Once you have generated structs, you can unmarshal a live API response with just a few lines: json.NewDecoder(resp.Body).Decode(&result). If the struct fields have omitempty tags, missing optional fields will not cause errors. You can add custom validation logic, implement the json.Unmarshaler interface for special types like time.Time, or add additional struct tags for XML or database ORM compatibility.
Go developers working with GraphQL APIs, gRPC-gateway JSON, OpenAPI-generated schemas, or webhook payloads all regularly need to convert incoming JSON shapes to Go structs. The alternative — using map[string]interface{} — loses type information entirely and requires type assertions at every field access, which is both verbose and fragile. Generated structs are always the better long-term approach.

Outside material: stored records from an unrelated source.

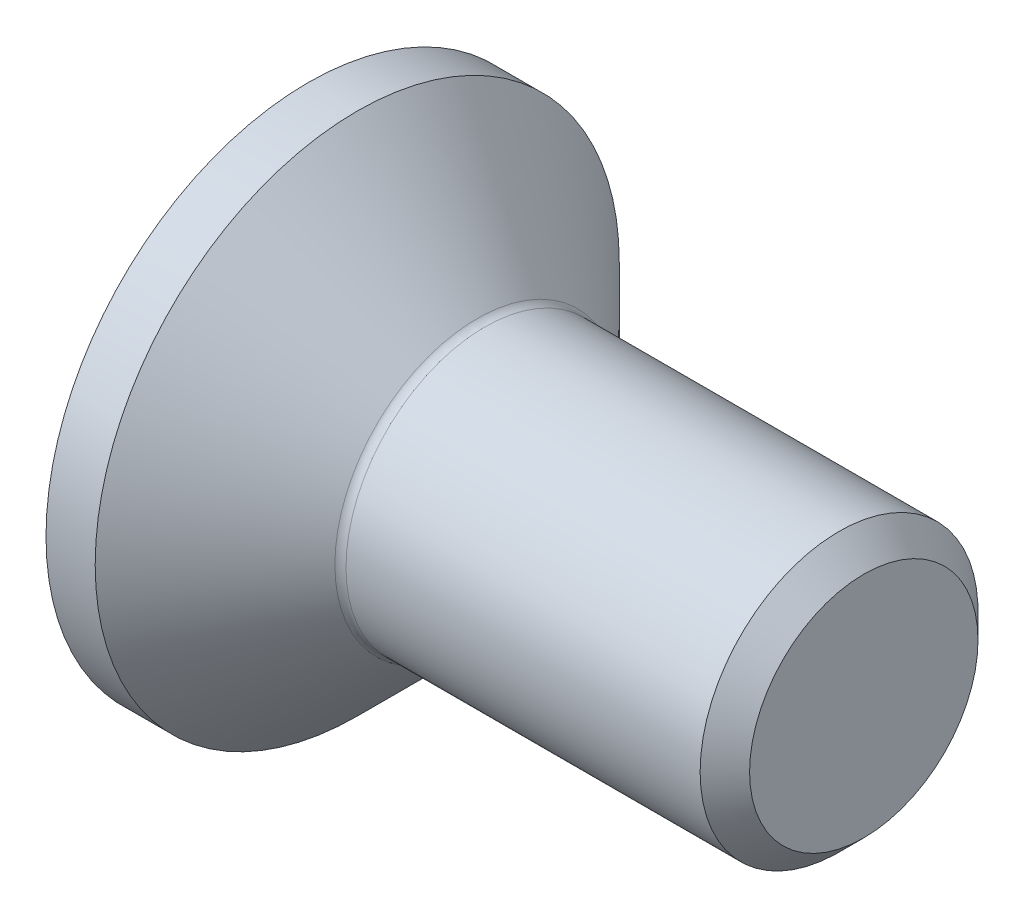
ISO-10303-21;
HEADER;
FILE_DESCRIPTION(('STEP AP214'),'2;1');
FILE_NAME('part.step','',(''),(''),'','','');
FILE_SCHEMA(('AUTOMOTIVE_DESIGN { 1 0 10303 214 1 1 1 1 }'));
ENDSEC;
DATA;
#1=APPLICATION_CONTEXT('core data for automotive mechanical design processes');
#2=APPLICATION_PROTOCOL_DEFINITION('international standard','automotive_design',2000,#1);
#3=PRODUCT_CONTEXT('',#1,'mechanical');
#4=PRODUCT('Part','Part','',(#3));
#5=PRODUCT_RELATED_PRODUCT_CATEGORY('part','',(#4));
#6=PRODUCT_DEFINITION_FORMATION('','',#4);
#7=PRODUCT_DEFINITION_CONTEXT('part definition',#1,'design');
#8=PRODUCT_DEFINITION('design','',#6,#7);
#9=PRODUCT_DEFINITION_SHAPE('','',#8);
#10=(LENGTH_UNIT() NAMED_UNIT(*) SI_UNIT(.MILLI.,.METRE.));
#11=(NAMED_UNIT(*) PLANE_ANGLE_UNIT() SI_UNIT($,.RADIAN.));
#12=(NAMED_UNIT(*) SI_UNIT($,.STERADIAN.) SOLID_ANGLE_UNIT());
#13=UNCERTAINTY_MEASURE_WITH_UNIT(LENGTH_MEASURE(1.E-05),#10,'distance_accuracy_value','');
#14=(GEOMETRIC_REPRESENTATION_CONTEXT(3) GLOBAL_UNCERTAINTY_ASSIGNED_CONTEXT((#13)) GLOBAL_UNIT_ASSIGNED_CONTEXT((#10,
#11,#12)) REPRESENTATION_CONTEXT('',''));
#15=CARTESIAN_POINT('',(0.,0.,0.));
#16=DIRECTION('',(0.,0.,1.));
#17=DIRECTION('',(1.,0.,0.));
#18=AXIS2_PLACEMENT_3D('',#15,#16,#17);
#19=CARTESIAN_POINT('',(0.,0.,0.));
#20=DIRECTION('',(-1.,0.,0.));
#21=DIRECTION('',(0.,0.,1.));
#22=AXIS2_PLACEMENT_3D('',#19,#20,#21);
#23=PLANE('',#22);
#24=CARTESIAN_POINT('',(0.,0.,0.));
#25=DIRECTION('',(-1.,0.,0.));
#26=DIRECTION('',(0.,0.,1.));
#27=AXIS2_PLACEMENT_3D('',#24,#25,#26);
#28=CIRCLE('',#27,4.715);
#29=CARTESIAN_POINT('',(0.,0.,4.715));
#30=VERTEX_POINT('',#29);
#31=EDGE_CURVE('E140',#30,#30,#28,.T.);
#32=ORIENTED_EDGE('',*,*,#31,.T.);
#33=EDGE_LOOP('',(#32));
#34=FACE_BOUND('',#33,.T.);
#35=DIRECTION('',(0.,-0.5,-0.866025403784439));
#36=VECTOR('',#35,1.);
#37=CARTESIAN_POINT('',(0.,-0.866025403784438,1.5));
#38=LINE('',#37,#36);
#39=CARTESIAN_POINT('',(0.,-0.866025403784438,1.5));
#40=VERTEX_POINT('',#39);
#41=CARTESIAN_POINT('',(0.,-1.73205080756887,0.));
#42=VERTEX_POINT('',#41);
#43=EDGE_CURVE('E102',#40,#42,#38,.T.);
#44=ORIENTED_EDGE('',*,*,#43,.T.);
#45=DIRECTION('',(0.,0.5,-0.866025403784439));
#46=VECTOR('',#45,1.);
#47=CARTESIAN_POINT('',(0.,-1.73205080756887,0.));
#48=LINE('',#47,#46);
#49=CARTESIAN_POINT('',(0.,-0.866025403784438,-1.5));
#50=VERTEX_POINT('',#49);
#51=EDGE_CURVE('E32',#42,#50,#48,.T.);
#52=ORIENTED_EDGE('',*,*,#51,.T.);
#53=DIRECTION('',(0.,1.,0.));
#54=VECTOR('',#53,1.);
#55=CARTESIAN_POINT('',(0.,-0.866025403784438,-1.5));
#56=LINE('',#55,#54);
#57=CARTESIAN_POINT('',(0.,0.866025403784438,-1.5));
#58=VERTEX_POINT('',#57);
#59=EDGE_CURVE('E117',#50,#58,#56,.T.);
#60=ORIENTED_EDGE('',*,*,#59,.T.);
#61=DIRECTION('',(0.,0.5,0.866025403784438));
#62=VECTOR('',#61,1.);
#63=CARTESIAN_POINT('',(0.,0.866025403784438,-1.5));
#64=LINE('',#63,#62);
#65=CARTESIAN_POINT('',(0.,1.73205080756888,0.));
#66=VERTEX_POINT('',#65);
#67=EDGE_CURVE('E258',#58,#66,#64,.T.);
#68=ORIENTED_EDGE('',*,*,#67,.T.);
#69=DIRECTION('',(0.,-0.5,0.866025403784438));
#70=VECTOR('',#69,1.);
#71=CARTESIAN_POINT('',(0.,1.73205080756888,0.));
#72=LINE('',#71,#70);
#73=CARTESIAN_POINT('',(0.,0.866025403784438,1.5));
#74=VERTEX_POINT('',#73);
#75=EDGE_CURVE('E261',#66,#74,#72,.T.);
#76=ORIENTED_EDGE('',*,*,#75,.T.);
#77=DIRECTION('',(0.,-1.,0.));
#78=VECTOR('',#77,1.);
#79=CARTESIAN_POINT('',(0.,0.866025403784438,1.5));
#80=LINE('',#79,#78);
#81=EDGE_CURVE('E264',#74,#40,#80,.T.);
#82=ORIENTED_EDGE('',*,*,#81,.T.);
#83=EDGE_LOOP('',(#44,#52,#60,#68,#76,#82));
#84=FACE_BOUND('',#83,.T.);
#85=ADVANCED_FACE('F17',(#34,#84),#23,.T.);
#86=CARTESIAN_POINT('',(0.,0.,0.));
#87=DIRECTION('',(-1.,0.,0.));
#88=DIRECTION('',(0.,0.,1.));
#89=AXIS2_PLACEMENT_3D('',#86,#87,#88);
#90=CYLINDRICAL_SURFACE('',#89,4.715);
#91=CARTESIAN_POINT('',(0.885000000000013,0.,0.));
#92=DIRECTION('',(-1.,0.,0.));
#93=DIRECTION('',(0.,0.,1.));
#94=AXIS2_PLACEMENT_3D('',#91,#92,#93);
#95=CIRCLE('',#94,4.715);
#96=CARTESIAN_POINT('',(0.885000000000013,0.,4.715));
#97=VERTEX_POINT('',#96);
#98=EDGE_CURVE('E137',#97,#97,#95,.T.);
#99=ORIENTED_EDGE('',*,*,#98,.T.);
#100=EDGE_LOOP('',(#99));
#101=FACE_BOUND('',#100,.T.);
#102=ORIENTED_EDGE('',*,*,#31,.F.);
#103=EDGE_LOOP('',(#102));
#104=FACE_BOUND('',#103,.T.);
#105=ADVANCED_FACE('F163',(#101,#104),#90,.T.);
#106=CARTESIAN_POINT('',(0.885000000000013,0.,0.));
#107=DIRECTION('',(-1.,0.,0.));
#108=DIRECTION('',(0.,0.,1.));
#109=AXIS2_PLACEMENT_3D('',#106,#107,#108);
#110=CONICAL_SURFACE('',#109,4.715,0.78539816339745);
#111=CARTESIAN_POINT('',(3.04142135623731,0.,0.));
#112=DIRECTION('',(-1.,0.,0.));
#113=DIRECTION('',(0.,0.,1.));
#114=AXIS2_PLACEMENT_3D('',#111,#112,#113);
#115=CIRCLE('',#114,2.55857864376269);
#116=CARTESIAN_POINT('',(3.04142135623731,0.,2.55857864376269));
#117=VERTEX_POINT('',#116);
#118=EDGE_CURVE('E25',#117,#117,#115,.T.);
#119=ORIENTED_EDGE('',*,*,#118,.T.);
#120=EDGE_LOOP('',(#119));
#121=FACE_BOUND('',#120,.T.);
#122=ORIENTED_EDGE('',*,*,#98,.F.);
#123=EDGE_LOOP('',(#122));
#124=FACE_BOUND('',#123,.T.);
#125=ADVANCED_FACE('F145',(#121,#124),#110,.T.);
#126=CARTESIAN_POINT('',(0.,0.,0.));
#127=DIRECTION('',(-1.,0.,0.));
#128=DIRECTION('',(0.,0.,1.));
#129=AXIS2_PLACEMENT_3D('',#126,#127,#128);
#130=CYLINDRICAL_SURFACE('',#129,2.5);
#131=CARTESIAN_POINT('',(3.18284271247462,0.,0.));
#132=DIRECTION('',(-1.,0.,0.));
#133=DIRECTION('',(0.,0.,1.));
#134=AXIS2_PLACEMENT_3D('',#131,#132,#133);
#135=CIRCLE('',#134,2.5);
#136=CARTESIAN_POINT('',(3.18284271247462,0.,2.5));
#137=VERTEX_POINT('',#136);
#138=EDGE_CURVE('E11',#137,#137,#135,.F.);
#139=ORIENTED_EDGE('',*,*,#138,.T.);
#140=EDGE_LOOP('',(#139));
#141=FACE_BOUND('',#140,.T.);
#142=CARTESIAN_POINT('',(9.555,0.,0.));
#143=DIRECTION('',(-1.,0.,0.));
#144=DIRECTION('',(0.,0.,1.));
#145=AXIS2_PLACEMENT_3D('',#142,#143,#144);
#146=CIRCLE('',#145,2.5);
#147=CARTESIAN_POINT('',(9.555,0.,2.5));
#148=VERTEX_POINT('',#147);
#149=EDGE_CURVE('E134',#148,#148,#146,.T.);
#150=ORIENTED_EDGE('',*,*,#149,.T.);
#151=EDGE_LOOP('',(#150));
#152=FACE_BOUND('',#151,.T.);
#153=ADVANCED_FACE('F175',(#141,#152),#130,.T.);
#154=CARTESIAN_POINT('',(10.,0.,0.));
#155=DIRECTION('',(-1.,0.,0.));
#156=DIRECTION('',(0.,0.,1.));
#157=AXIS2_PLACEMENT_3D('',#154,#155,#156);
#158=CONICAL_SURFACE('',#157,2.055,0.785398163397449);
#159=ORIENTED_EDGE('',*,*,#149,.F.);
#160=EDGE_LOOP('',(#159));
#161=FACE_BOUND('',#160,.T.);
#162=CARTESIAN_POINT('',(10.,0.,0.));
#163=DIRECTION('',(-1.,0.,0.));
#164=DIRECTION('',(0.,0.,1.));
#165=AXIS2_PLACEMENT_3D('',#162,#163,#164);
#166=CIRCLE('',#165,2.055);
#167=CARTESIAN_POINT('',(10.,0.,2.055));
#168=VERTEX_POINT('',#167);
#169=EDGE_CURVE('E130',#168,#168,#166,.T.);
#170=ORIENTED_EDGE('',*,*,#169,.T.);
#171=EDGE_LOOP('',(#170));
#172=FACE_BOUND('',#171,.T.);
#173=ADVANCED_FACE('F158',(#161,#172),#158,.T.);
#174=CARTESIAN_POINT('',(10.,2.055,0.));
#175=DIRECTION('',(1.,0.,0.));
#176=DIRECTION('',(0.,0.,-1.));
#177=AXIS2_PLACEMENT_3D('',#174,#175,#176);
#178=PLANE('',#177);
#179=ORIENTED_EDGE('',*,*,#169,.F.);
#180=EDGE_LOOP('',(#179));
#181=FACE_BOUND('',#180,.T.);
#182=ADVANCED_FACE('F149',(#181),#178,.T.);
#183=CARTESIAN_POINT('',(3.18284271247462,0.,0.));
#184=DIRECTION('',(-1.,0.,0.));
#185=DIRECTION('',(0.,0.,1.));
#186=AXIS2_PLACEMENT_3D('',#183,#184,#185);
#187=TOROIDAL_SURFACE('',#186,2.7,0.2);
#188=ORIENTED_EDGE('',*,*,#138,.F.);
#189=EDGE_LOOP('',(#188));
#190=FACE_BOUND('',#189,.T.);
#191=ORIENTED_EDGE('',*,*,#118,.F.);
#192=EDGE_LOOP('',(#191));
#193=FACE_BOUND('',#192,.T.);
#194=ADVANCED_FACE('F19',(#190,#193),#187,.F.);
#195=CARTESIAN_POINT('',(1.9,-1.73205080756887,0.));
#196=DIRECTION('',(0.,0.866025403784439,0.5));
#197=DIRECTION('',(0.,-0.5,0.866025403784439));
#198=AXIS2_PLACEMENT_3D('',#195,#196,#197);
#199=PLANE('',#198);
#200=ORIENTED_EDGE('',*,*,#51,.F.);
#201=DIRECTION('',(-1.,0.,0.));
#202=VECTOR('',#201,1.);
#203=CARTESIAN_POINT('',(1.9,-1.73205080756887,0.));
#204=LINE('',#203,#202);
#205=CARTESIAN_POINT('',(1.9,-1.73205080756887,0.));
#206=VERTEX_POINT('',#205);
#207=EDGE_CURVE('E255',#206,#42,#204,.T.);
#208=ORIENTED_EDGE('',*,*,#207,.F.);
#209=DIRECTION('',(0.,0.5,-0.866025403784439));
#210=VECTOR('',#209,1.);
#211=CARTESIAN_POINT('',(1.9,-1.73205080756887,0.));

When developers use this tool
Getting the most from generated Go structs
- Review pointer types carefully: The converter uses pointers for nullable JSON fields, but if your API always sends those fields, you can remove the pointer for simpler code. Only keep pointers where the field genuinely may be absent or null.
- Add omitempty where needed: If you are also marshaling structs back to JSON and want to omit zero-value fields, add ,omitempty to json tags. The generated structs include the tag structure needed — just append the option.
- Rename generated types: Names like Address or Items derived from JSON keys are generic. Rename them to match your domain model — UserAddress, OrderItems — so your codebase is self-documenting.
- Handle time.Time fields: JSON timestamps are usually strings in RFC 3339 format. The converter produces string for these. Replace string with time.Time and implement custom UnmarshalJSON if your API uses non-standard date formats.
- Use go generate for long-term maintenance: For APIs that change frequently, consider storing the sample JSON in your repo and using go:generate comments to re-run the converter when the schema changes.
Additional frequently asked questions
Can I generate structs for JSON arrays at the top level?
Yes. If your JSON starts with a [ array bracket, the converter wraps it appropriately and generates the element struct type. The result is a Go slice type like []Item where Item is the generated struct for the array element shape.
Does the tool handle JSON with inconsistent types across array elements?
Arrays with mixed types (e.g., sometimes a string, sometimes a number) are represented as []interface{} in the output. This is the safest representation in Go, though it loses type safety. Homogeneous arrays always produce typed slices like []string or []float64.
How should I handle date and time fields in generated structs?
The converter produces string for any JSON string field, including timestamps. After generating the struct, manually change the type to time.Time for date fields and use json.Unmarshal with a custom type that implements UnmarshalJSON to parse the format your API uses.
Can I add struct tags for database ORMs like GORM?
The converter only generates json tags. After pasting the output into your editor, you can add db, yaml, xml, or gorm tags to each field. Most Go editors with Go language server support offer multi-cursor editing to add tags efficiently across many fields at once.